The present embodiment can be modified and implemented as follows. The present embodiment and the following modified examples can be implemented in combination with each other within a technically consistent range.
Although the first EGR cooler 40 is formed of an aluminum alloy, it may be formed of another acid resistant material.

  -The condensed water generated in the second EGR cooler 41 does not easily contain an alkaline component or an acidic component. Therefore, the second EGR cooler 41 may be made of a material other than the alkali resistant material.

  The second EGR valve 61 was the same valve as the first EGR valve 60, but the second EGR valve 61 has a different flow rate characteristic from the first EGR valve 60 (that is, the correspondence between the valve opening degree and the gas flow rate is different). Different valves). Even in this case, the time required for the first EGR valve 60 and the second EGR valve 61 to change from the open state to the closed state is shorter than that in the case where only one system of EGR passages is provided. The same effect as 4) can be obtained.

  When executing the exhaust gas recirculation control, the first EGR valve 60 and the second EGR valve 61 are set to have the same opening, but they may be controlled to have different opening. Even in this case, the time required for the first EGR valve 60 and the second EGR valve 61 to change from the open state to the closed state is shorter than that in the case where only one system of EGR passages is provided. The same effect as 4) can be obtained.

  As an example of the second boiling point BTs which is the boiling point of the acidic component, 290 degrees which is the boiling point of sulfuric acid is mentioned, but the boiling point of other acidic components, for example, 110 degrees which is the boiling point of hydrochloric acid may be used as the second boiling point BTs. Good.

The first EGR cooler 40 and the second EGR cooler 41 were water-cooled, but any other method (such as an air-cooled type) may be used as long as the cooling capacities CA and CB can be satisfied.
As shown in FIG. 3, the exhaust side EGR passage 30 and the exhaust side branch passage 31 are omitted.
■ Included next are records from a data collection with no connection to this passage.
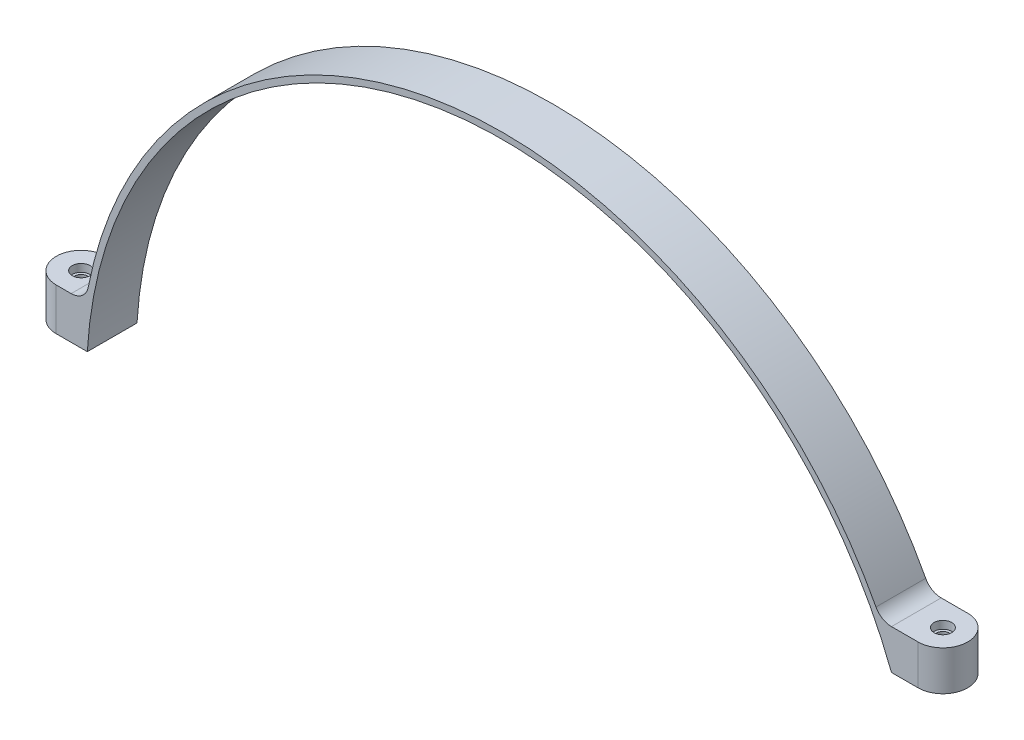
SolidWorks part; units mm, degrees
ref_plane "Plano frontal" through (0, 0, 0) normal (0, 0, 1) x (1, 0, 0)
ref_plane "Plano superior" through (0, 0, 0) normal (0, 1, 0) x (1, 0, 0)
ref_plane "Plano direito" through (0, 0, 0) normal (1, 0, 0) x (0, 0, -1)
sketch "Esboço2" plane through (0, 0, 0) normal (0, 0, 1) x (1, 0, 0)
  line L5 (157.0828, 65) -> (177.0828, 65)
  line L7 (156.3849, 60) -> (177.0828, 60)
  line L8 (177.0828, 65) -> (177.0828, 60)
  line L9 (-1000, 0) -> (49000, 0) construction
  line L10 (0, -1000) -> (0, 49000) construction
  line L12 (-189.7056, 10) -> (-167.2012, 10)
  line L17 (-189.7056, 10) -> (-189.7056, 15)
  line L18 (-189.7056, 15) -> (-169.3369, 15)
  arc A0 (157.0828, 65) -> (-169.3369, 15) centre (0, 0) ccw
  arc A1 (156.3849, 60) -> (-167.2012, 10) centre (0, 0) ccw
  dimension "D2" = 170
  dimension "D5" = 335
  dimension "D6" = 5
  dimension "D3" = 5
  dimension "D4" = 20
  dimension "D8" = 60
extrude "Ressalto-extrusão6" add sketch "Esboço2" along normal blind 20 contours A1 L12 L17 L18 A0 L5 L8 L7
fillet "Filete4" radius 10 2 edges at (177.0828, 62.5, 0) (177.0828, 62.5, 20)
fillet "Filete5" radius 10 2 edges at (-189.7056, 12.5, 0) (-189.7056, 12.5, 20)
sketch "Esboço20" plane through (0, 10, 0) normal (0, -1, 0) x (1, 0, 0)
  line L0 (-167.2012, 20) -> (-167.2012, 0)
  line L1 (-189.7056, 10) -> (-204.5078, 10) construction
  line L2 (-179.7056, 20) -> (-167.2012, 20)
  line L3 (-179.7056, 0) -> (-167.2012, 0)
  arc A0 (-189.7056, 10) -> (-179.7056, 20) centre (-179.7056, 10) cw
  arc A1 (-179.7056, 0) -> (-189.7056, 10) centre (-179.7056, 10) cw
extrude "Ressalto-extrusão14" add sketch "Esboço20" against normal blind 17
sketch "Esboço21" plane through (0, 60, 0) normal (0, -1, 0) x (1, 0, 0)
  line L0 (156.3849, 20) -> (156.3849, 0)
  line L1 (156.3849, 20) -> (167.0828, 20)
  line L2 (156.3849, 0) -> (167.0828, 0)
  arc A0 (167.0828, 20) -> (177.0828, 10) centre (167.0828, 10) cw
  arc A1 (177.0828, 10) -> (167.0828, 0) centre (167.0828, 10) cw
extrude "Ressalto-extrusão15" add sketch "Esboço21" against normal blind 16
fillet "Filete6" radius 7 1 edges at (156.3849, 66.6615, 10)
fillet "Filete7" radius 7 1 edges at (-167.8422, 27, 10)
sketch "Esboço25" plane through (0, 10, 0) normal (0, -1, 0) x (1, 0, 0)
  circle A0 centre (-179.7056, 10) radius 2.5
  dimension "D1" = 5
extrude "Corte-extrusão1" cut sketch "Esboço25" against normal blind 16
sketch "Esboço27" plane through (0, 10, 0) normal (0, -1, 0) x (1, 0, 0)
  circle A0 centre (-179.7056, 10) radius 2.5
extrude "Corte-extrusão2" cut sketch "Esboço27" against normal blind 18
sketch "Esboço28" plane through (0, 27, 0) normal (0, 1, 0) x (1, 0, 0)
  circle A0 centre (-179.7056, -10) radius 3.55
  dimension "D1" = 7.1
extrude "Corte-extrusão3" cut sketch "Esboço28" against normal blind 3.1
sketch "Esboço29" plane through (0, 60, 0) normal (0, -1, 0) x (1, 0, 0)
  circle A0 centre (167.0828, 10) radius 2.5
  dimension "D1" = 5
extrude "Corte-extrusão4" cut sketch "Esboço29" against normal blind 22.1
sketch "Esboço30" plane through (0, 76, 0) normal (0, 1, 0) x (1, 0, 0)
  circle A0 centre (167.0828, -10) radius 3.55
  dimension "D1" = 7.1
extrude "Corte-extrusão5" cut sketch "Esboço30" against normal blind 3.1

Then, the first exhaust side passage 32 connected to the first EGR cooler 40 is connected to the exhaust passage 15 on the downstream side of the three-way catalyst 17, and the second exhaust side passage 33 connected to the second EGR cooler 41 is connected to the third exhaust side passage 33. It may be connected to the exhaust passage 15 on the upstream side of the original catalyst 17. In this case, the EGR gas containing a large amount of acidic components flows into the second EGR cooler 41, and since the acidic components pass through the second EGR cooler 41 in a vaporized state, the EGR gas that has passed through the second EGR cooler 41. A large amount of acidic components are contained in GS2. On the other hand, the EGR gas containing a large amount of alkaline components flows into the first EGR cooler 40, and since the alkaline components pass through the first EGR cooler 40 in a vaporized state, the EGR gas GS1 passing through the first EGR cooler 40 becomes Will contain alkaline components. As described above, in this modification, it becomes more clear whether the acidic component or the alkaline component is dominant in the components contained in the EGR gas after passing through the EGR cooler, and the same as in the above-described embodiment. The effect can be obtained.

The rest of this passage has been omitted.